• _Problem_
Could the lines from the top of the material to the line that contains "blk = doc.blocks.new('block 8')" be retyped exactly, both included and pictures omitted?

• _Records provided_
=== Begin Enclosure ===

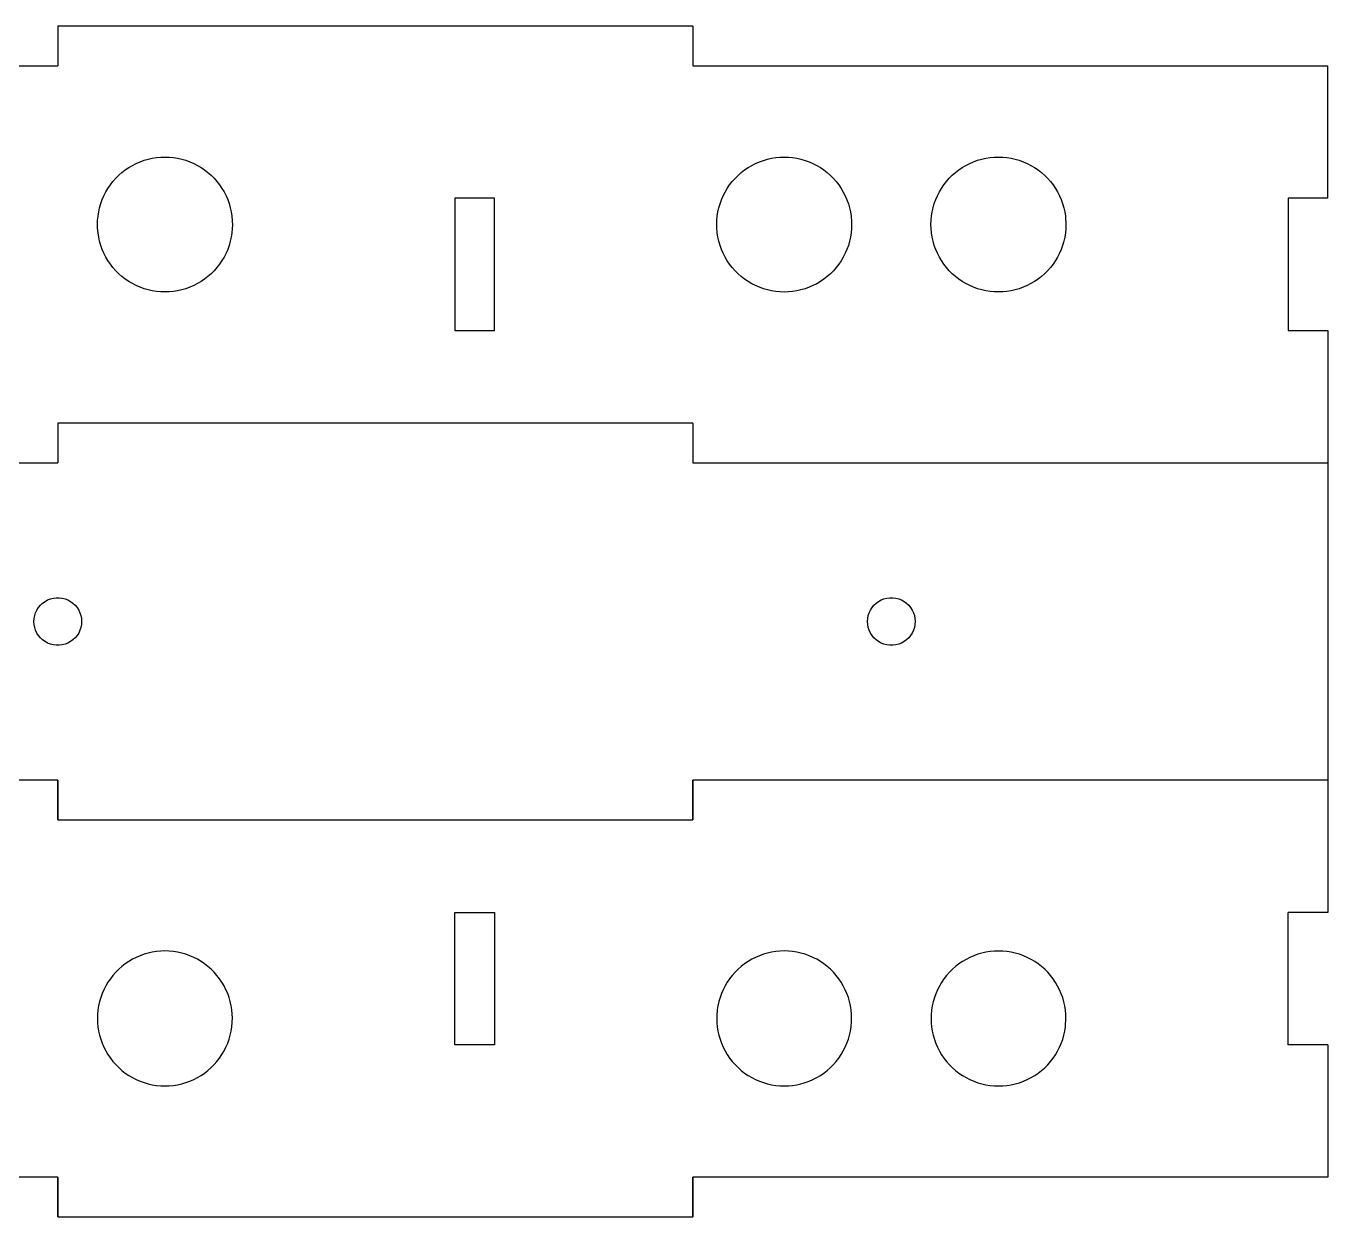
# Model space of a CAD drawing. Header units: centimetres. Extents: x 1 to 147, y 1 to 145.
# Drawn here: x 129.6 to 146, y 112.5 to 127.5 of the extents above; entities that cross this region are included whole.
import ezdxf

# ---------------------------------------------------------------- set-up
doc = ezdxf.new("R2010")
doc.units = ezdxf.units.CM
doc.layers.get('0').update_dxf_attribs({"lineweight": 25, "true_color": 0xffffff})

# ---------------------------------------------------------------- blocks, each defined once
blk = doc.blocks.new('block 8')
for p, q in [((16, 0.5), (8, 0.5)), ((8, 0.5), (8, 0)), ((8, 0), (8, 0.5)), ((16, 0.5), (16, 0)), ((16, 0), (16, 0.5)), ((32, 0.5), (24, 0.5)), ((24, 0.5), (24, 0)), ((24, 0), (24, 0.5)), ((32, -1.667), (32, 0.5)), ((0, 0), (8, 0)), ((0, -1.667), (0, 0)), ((16, 0), (24, 0)), ((0, -1.667), (0.5, -1.667)), ((0.5, -1.667), (0.5, -3.333)), ((32, -1.667), (31.5, -1.667)), ((31.5, -1.667), (31.5, -3.333)), ((0, -3.333), (0.5, -3.333)), ((0, -10.667), (0, -3.333)), ((31.5, -3.333), (32, -3.333)), ((32, -3.333), (32, -10.667)), ((16, -4.5), (8, -4.5)), ((8, -4.5), (8, -5)), ((8, -5), (8, -4.5)), ((16, -4.5), (16, -5)), ((16, -5), (16, -4.5)), ((32, -4.5), (24, -4.5)), ((24, -4.5), (24, -5)), ((24, -5), (24, -4.5)), ((0, -5), (8, -5)), ((16, -5), (24, -5)), ((8, -9), (0, -9)), ((8, -9.5), (8, -9)), ((24, -9), (16, -9)), ((16, -9.5), (16, -9)), ((24, -9.5), (24, -9)), ((8, -9.5), (16, -9.5)), ((24, -9.5), (32, -9.5)), ((0.5, -10.667), (0, -10.667)), ((0.5, -12.333), (0.5, -10.667)), ((31.5, -12.333), (31.5, -10.667)), ((31.5, -10.667), (32, -10.667)), ((0, -12.333), (0, -14)), ((0, -12.333), (0.5, -12.333)), ((32, -12.333), (31.5, -12.333)), ((32, -12.333), (32, -14.5)), ((8, -14), (0, -14)), ((8, -14.5), (8, -14)), ((24, -14), (16, -14)), ((16, -14.5), (16, -14)), ((24, -14.5), (24, -14)), ((8, -14.5), (16, -14.5)), ((24, -14.5), (32, -14.5))]:
    blk.add_line(p, q)
blk = doc.blocks.new('block 9')
for p, q in [((-1.2988, 0.8242), (-1.3429, 0.7942)), ((-1.2528, 0.8514), (-1.2988, 0.8242)), ((-1.2052, 0.8756), (-1.2528, 0.8514)), ((-1.1562, 0.8968), (-1.2052, 0.8756)), ((-1.106, 0.9149), (-1.1562, 0.8968)), ((-1.0547, 0.9298), (-1.106, 0.9149)), ((-1.0026, 0.9414), (-1.0547, 0.9298)), ((-0.9498, 0.9498), (-1.0026, 0.9414)), ((-0.8967, 0.9548), (-0.9498, 0.9498)), ((-0.8433, 0.9565), (-0.8967, 0.9548)), ((-0.7899, 0.9548), (-0.8433, 0.9565)), ((-0.7368, 0.9498), (-0.7899, 0.9548)), ((-0.684, 0.9414), (-0.7368, 0.9498)), ((-0.6319, 0.9298), (-0.684, 0.9414)), ((-0.5806, 0.9149), (-0.6319, 0.9298)), ((-0.5304, 0.8968), (-0.5806, 0.9149)), ((-0.4814, 0.8756), (-0.5304, 0.8968)), ((-0.4338, 0.8514), (-0.4814, 0.8756)), ((-0.3878, 0.8242), (-0.4338, 0.8514)), ((-0.3437, 0.7942), (-0.3878, 0.8242)), ((-1.4629, 0.6884), (-1.4982, 0.6483)), ((-1.4252, 0.7261), (-1.4629, 0.6884)), ((-1.3851, 0.7614), (-1.4252, 0.7261)), ((-1.3429, 0.7942), (-1.3851, 0.7614)), ((-0.3015, 0.7614), (-0.3437, 0.7942)), ((-0.2614, 0.7261), (-0.3015, 0.7614)), ((-0.2237, 0.6884), (-0.2614, 0.7261)), ((-0.1884, 0.6483), (-0.2237, 0.6884)), ((-1.5881, 0.516), (-1.6124, 0.4684)), ((-1.561, 0.562), (-1.5881, 0.516)), ((-1.531, 0.6061), (-1.561, 0.562)), ((-1.4982, 0.6483), (-1.531, 0.6061)), ((-0.1556, 0.6061), (-0.1884, 0.6483)), ((-0.1256, 0.562), (-0.1556, 0.6061)), ((-0.0984, 0.516), (-0.1256, 0.562)), ((-0.0742, 0.4684), (-0.0984, 0.516)), ((-1.6517, 0.3692), (-1.6666, 0.3179)), ((-1.6336, 0.4194), (-1.6517, 0.3692)), ((-1.6124, 0.4684), (-1.6336, 0.4194)), ((-0.053, 0.4194), (-0.0742, 0.4684)), ((-0.0349, 0.3692), (-0.053, 0.4194)), ((-0.02, 0.3179), (-0.0349, 0.3692)), ((-1.6866, 0.213), (-1.693, 0.0976)), ((-1.6782, 0.2658), (-1.6866, 0.213)), ((-1.6666, 0.3179), (-1.6782, 0.2658)), ((-0.0083, 0.2658), (-0.02, 0.3179)), ((0, 0.213), (-0.0083, 0.2658)), ((0.005, 0.1599), (0, 0.213)), ((-1.693, 0.0976), (-1.6916, 0.0531)), ((-1.6916, 0.0531), (-1.6866, 0)), ((-1.6866, 0), (-1.6782, -0.0528)), ((-0.0083, -0.0528), (0, 0)), ((0, 0), (0.0053, 0.062)), ((0.0067, 0.1065), (0.005, 0.1599)), ((0.0053, 0.062), (0.0067, 0.1065)), ((-1.6782, -0.0528), (-1.6666, -0.1049)), ((-1.6666, -0.1049), (-1.6517, -0.1562)), ((-1.6517, -0.1562), (-1.6336, -0.2064)), ((-0.053, -0.2064), (-0.0349, -0.1562)), ((-0.0349, -0.1562), (-0.02, -0.1049)), ((-0.02, -0.1049), (-0.0083, -0.0528)), ((-1.6336, -0.2064), (-1.6124, -0.2554)), ((-1.6124, -0.2554), (-1.5881, -0.303)), ((-1.5881, -0.303), (-1.561, -0.3489)), ((-0.1256, -0.3489), (-0.0984, -0.303)), ((-0.0984, -0.303), (-0.0742, -0.2554)), ((-0.0742, -0.2554), (-0.053, -0.2064)), ((-1.561, -0.3489), (-1.531, -0.3931)), ((-1.531, -0.3931), (-1.4982, -0.4353)), ((-1.4982, -0.4353), (-1.4629, -0.4754)), ((-1.4629, -0.4754), (-1.4252, -0.5131)), ((-0.2614, -0.5131), (-0.2237, -0.4754)), ((-0.2237, -0.4754), (-0.1884, -0.4353)), ((-0.1884, -0.4353), (-0.1556, -0.3931)), ((-0.1556, -0.3931), (-0.1256, -0.3489)), ((-1.4252, -0.5131), (-1.3851, -0.5484)), ((-1.3851, -0.5484), (-1.3429, -0.5812)), ((-1.3429, -0.5812), (-1.2988, -0.6112)), ((-1.2988, -0.6112), (-1.2528, -0.6384)), ((-1.2528, -0.6384), (-1.2052, -0.6626)), ((-0.4814, -0.6626), (-0.4338, -0.6384)), ((-0.4338, -0.6384), (-0.3878, -0.6112)), ((-0.3878, -0.6112), (-0.3437, -0.5812)), ((-0.3437, -0.5812), (-0.3015, -0.5484)), ((-0.3015, -0.5484), (-0.2614, -0.5131)), ((-1.2052, -0.6626), (-1.1562, -0.6838)), ((-1.1562, -0.6838), (-1.106, -0.7019)), ((-1.106, -0.7019), (-1.0547, -0.7168)), ((-1.0547, -0.7168), (-1.0026, -0.7284)), ((-1.0026, -0.7284), (-0.9498, -0.7368)), ((-0.9498, -0.7368), (-0.8967, -0.7418)), ((-0.8967, -0.7418), (-0.8433, -0.7435)), ((-0.8433, -0.7435), (-0.7899, -0.7418)), ((-0.7899, -0.7418), (-0.7368, -0.7368)), ((-0.7368, -0.7368), (-0.684, -0.7284)), ((-0.684, -0.7284), (-0.6319, -0.7168)), ((-0.6319, -0.7168), (-0.5806, -0.7019)), ((-0.5806, -0.7019), (-0.5304, -0.6838)), ((-0.5304, -0.6838), (-0.4814, -0.6626))]:
    blk.add_line(p, q)
blk = doc.blocks.new('block 10')
for p, q in [((-1.30378, 0.6643), (-1.34794, 0.6343)), ((-1.25781, 0.6915), (-1.30378, 0.6643)), ((-1.21023, 0.7157), (-1.25781, 0.6915)), ((-1.16124, 0.7369), (-1.21023, 0.7157)), ((-1.11099, 0.755), (-1.16124, 0.7369)), ((-1.0597, 0.7699), (-1.11099, 0.755)), ((-1.0076, 0.7815), (-1.0597, 0.7699)), ((-0.95486, 0.7899), (-1.0076, 0.7815)), ((-0.9017, 0.7949), (-0.95486, 0.7899)), ((-0.84832, 0.7966), (-0.9017, 0.7949)), ((-0.79495, 0.7949), (-0.84832, 0.7966)), ((-0.74179, 0.7899), (-0.79495, 0.7949)), ((-0.68905, 0.7815), (-0.74179, 0.7899)), ((-0.63694, 0.7699), (-0.68905, 0.7815)), ((-0.58566, 0.755), (-0.63694, 0.7699)), ((-0.53541, 0.7369), (-0.58566, 0.755)), ((-0.48642, 0.7157), (-0.53541, 0.7369)), ((-0.43884, 0.6915), (-0.48642, 0.7157)), ((-0.39286, 0.6643), (-0.43884, 0.6915)), ((-0.34871, 0.6343), (-0.39286, 0.6643)), ((-1.46795, 0.5285), (-1.50326, 0.4884)), ((-1.43019, 0.5662), (-1.46795, 0.5285)), ((-1.39013, 0.6015), (-1.43019, 0.5662)), ((-1.34794, 0.6343), (-1.39013, 0.6015)), ((-0.30651, 0.6015), (-0.34871, 0.6343)), ((-0.26646, 0.5662), (-0.30651, 0.6015)), ((-0.22869, 0.5285), (-0.26646, 0.5662)), ((-0.19339, 0.4884), (-0.22869, 0.5285)), ((-1.59318, 0.3561), (-1.61743, 0.3085)), ((-1.56601, 0.4021), (-1.59318, 0.3561)), ((-1.53599, 0.4462), (-1.56601, 0.4021)), ((-1.50326, 0.4884), (-1.53599, 0.4462)), ((-0.16066, 0.4462), (-0.19339, 0.4884)), ((-0.13064, 0.4021), (-0.16066, 0.4462)), ((-0.10347, 0.3561), (-0.13064, 0.4021)), ((-0.07922, 0.3085), (-0.10347, 0.3561)), ((-1.65672, 0.2093), (-1.67161, 0.158)), ((-1.63864, 0.2595), (-1.65672, 0.2093)), ((-1.61743, 0.3085), (-1.63864, 0.2595)), ((-0.05801, 0.2595), (-0.07922, 0.3085)), ((-0.03993, 0.2093), (-0.05801, 0.2595)), ((-0.02502, 0.158), (-0.03993, 0.2093)), ((-1.69162, 0.0531), (-1.69717, -0.0166)), ((-1.68327, 0.1059), (-1.69162, 0.0531)), ((-1.67161, 0.158), (-1.68327, 0.1059)), ((-0.01338, 0.1059), (-0.02502, 0.158)), ((-0.00503, 0.0531), (-0.01338, 0.1059)), ((0, 0), (-0.00503, 0.0531)), ((0.00153, -0.0578), (0, 0)), ((-1.69717, -0.0166), (-1.69818, -0.0578)), ((-1.69818, -0.0578), (-1.69665, -0.1068)), ((-1.69665, -0.1068), (-1.69162, -0.1599)), ((-1.69162, -0.1599), (-1.68327, -0.2127)), ((-0.01338, -0.2127), (-0.00503, -0.1599)), ((-0.00503, -0.1599), (0.00051, -0.0904)), ((0.00051, -0.0904), (0.00153, -0.0578)), ((-1.68327, -0.2127), (-1.67161, -0.2648)), ((-1.67161, -0.2648), (-1.65672, -0.3161)), ((-1.65672, -0.3161), (-1.63864, -0.3663)), ((-0.05801, -0.3663), (-0.03993, -0.3161)), ((-0.03993, -0.3161), (-0.02502, -0.2648)), ((-0.02502, -0.2648), (-0.01338, -0.2127)), ((-1.63864, -0.3663), (-1.61743, -0.4153)), ((-1.61743, -0.4153), (-1.59318, -0.4629)), ((-1.59318, -0.4629), (-1.56601, -0.5088)), ((-0.13064, -0.5088), (-0.10347, -0.4629)), ((-0.10347, -0.4629), (-0.07922, -0.4153)), ((-0.07922, -0.4153), (-0.05801, -0.3663)), ((-1.56601, -0.5088), (-1.53599, -0.553)), ((-1.53599, -0.553), (-1.50326, -0.5952)), ((-1.50326, -0.5952), (-1.46795, -0.6353)), ((-1.46795, -0.6353), (-1.43019, -0.673)), ((-0.26646, -0.673), (-0.22869, -0.6353)), ((-0.22869, -0.6353), (-0.19339, -0.5952)), ((-0.19339, -0.5952), (-0.16066, -0.553)), ((-0.16066, -0.553), (-0.13064, -0.5088)), ((-1.43019, -0.673), (-1.39013, -0.7083)), ((-1.39013, -0.7083), (-1.34794, -0.7411)), ((-1.34794, -0.7411), (-1.30378, -0.7711)), ((-1.30378, -0.7711), (-1.25781, -0.7983)), ((-1.25781, -0.7983), (-1.21023, -0.8225)), ((-0.48642, -0.8225), (-0.43884, -0.7983)), ((-0.43884, -0.7983), (-0.39286, -0.7711)), ((-0.39286, -0.7711), (-0.34871, -0.7411)), ((-0.34871, -0.7411), (-0.30651, -0.7083)), ((-0.30651, -0.7083), (-0.26646, -0.673)), ((-1.21023, -0.8225), (-1.16124, -0.8437)), ((-1.16124, -0.8437), (-1.11099, -0.8618)), ((-1.11099, -0.8618), (-1.0597, -0.8767)), ((-1.0597, -0.8767), (-1.0076, -0.8883)), ((-1.0076, -0.8883), (-0.95486, -0.8967)), ((-0.95486, -0.8967), (-0.9017, -0.9017)), ((-0.9017, -0.9017), (-0.84832, -0.9034)), ((-0.84832, -0.9034), (-0.79495, -0.9017)), ((-0.79495, -0.9017), (-0.74179, -0.8967)), ((-0.74179, -0.8967), (-0.68905, -0.8883)), ((-0.68905, -0.8883), (-0.63694, -0.8767)), ((-0.63694, -0.8767), (-0.58566, -0.8618)), ((-0.58566, -0.8618), (-0.53541, -0.8437)), ((-0.53541, -0.8437), (-0.48642, -0.8225))]:
    blk.add_line(p, q)
blk = doc.blocks.new('block 11')
for p, q in [((0.48138, 0.6626), (0.4338, 0.6384)), ((0.53038, 0.6838), (0.48138, 0.6626)), ((0.58062, 0.7019), (0.53038, 0.6838)), ((0.63189, 0.7168), (0.58062, 0.7019)), ((0.68402, 0.7284), (0.63189, 0.7168)), ((0.73675, 0.7368), (0.68402, 0.7284)), ((0.78991, 0.7418), (0.73675, 0.7368)), ((0.84329, 0.7435), (0.78991, 0.7418)), ((0.89666, 0.7418), (0.84329, 0.7435)), ((0.94983, 0.7368), (0.89666, 0.7418)), ((1.00256, 0.7284), (0.94983, 0.7368)), ((1.05467, 0.7168), (1.00256, 0.7284)), ((1.10595, 0.7019), (1.05467, 0.7168)), ((1.15619, 0.6838), (1.10595, 0.7019)), ((1.205197, 0.6626), (1.15619, 0.6838)), ((1.252774, 0.6384), (1.205197, 0.6626)), ((0.26143, 0.5131), (0.22366, 0.4754)), ((0.30148, 0.5484), (0.26143, 0.5131)), ((0.34367, 0.5812), (0.30148, 0.5484)), ((0.38783, 0.6112), (0.34367, 0.5812)), ((0.4338, 0.6384), (0.38783, 0.6112)), ((1.298733, 0.6112), (1.252774, 0.6384)), ((1.342908, 0.5812), (1.298733, 0.6112)), ((1.385098, 0.5484), (1.342908, 0.5812)), ((1.425153, 0.5131), (1.385098, 0.5484)), ((1.462918, 0.4754), (1.425153, 0.5131)), ((0.12561, 0.349), (0.09843, 0.303)), ((0.15562, 0.3931), (0.12561, 0.349)), ((0.18835, 0.4353), (0.15562, 0.3931)), ((0.22366, 0.4754), (0.18835, 0.4353)), ((1.498227, 0.4353), (1.462918, 0.4754)), ((1.530957, 0.3931), (1.498227, 0.4353)), ((1.560971, 0.349), (1.530957, 0.3931)), ((1.588147, 0.303), (1.560971, 0.349)), ((0.05298, 0.2064), (0.03489, 0.1562)), ((0.07419, 0.2554), (0.05298, 0.2064)), ((0.09843, 0.303), (0.07419, 0.2554)), ((1.612393, 0.2554), (1.588147, 0.303)), ((1.633603, 0.2064), (1.612393, 0.2554)), ((1.651685, 0.1562), (1.633603, 0.2064)), ((0, 0), (-0.00643, -0.1154)), ((0.00834, 0.0528), (0, 0)), ((0.01999, 0.1049), (0.00834, 0.0528)), ((0.03489, 0.1562), (0.01999, 0.1049)), ((1.666577, 0.1049), (1.651685, 0.1562)), ((1.678235, 0.0528), (1.666577, 0.1049)), ((1.686581, 0), (1.678235, 0.0528)), ((1.691617, -0.0531), (1.686581, 0)), ((-0.00643, -0.1154), (-0.00504, -0.1599)), ((-0.00504, -0.1599), (0, -0.213)), ((1.686581, -0.213), (1.691891, -0.151)), ((1.69328, -0.1065), (1.691617, -0.0531)), ((1.691891, -0.151), (1.69328, -0.1065)), ((0, -0.213), (0.00834, -0.2658)), ((0.00834, -0.2658), (0.01999, -0.3179)), ((0.01999, -0.3179), (0.03489, -0.3692)), ((1.651685, -0.3692), (1.666577, -0.3179)), ((1.666577, -0.3179), (1.678235, -0.2658)), ((1.678235, -0.2658), (1.686581, -0.213)), ((0.03489, -0.3692), (0.05298, -0.4194)), ((0.05298, -0.4194), (0.07419, -0.4684)), ((0.07419, -0.4684), (0.09843, -0.516)), ((1.588147, -0.516), (1.612393, -0.4684)), ((1.612393, -0.4684), (1.633603, -0.4194)), ((1.633603, -0.4194), (1.651685, -0.3692)), ((0.09843, -0.516), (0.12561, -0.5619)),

=== End Enclosure ===

• _Result_
# Model space of a CAD drawing. Header units: centimetres. Extents: x 1 to 147, y 1 to 145.
# Drawn here: x 129.6 to 146, y 112.5 to 127.5 of the extents above; entities that cross this region are included whole.
import ezdxf

# ---------------------------------------------------------------- set-up
doc = ezdxf.new("R2010")
doc.units = ezdxf.units.CM
doc.layers.get('0').update_dxf_attribs({"lineweight": 25, "true_color": 0xffffff})

# ---------------------------------------------------------------- blocks, each defined once
blk = doc.blocks.new('block 8')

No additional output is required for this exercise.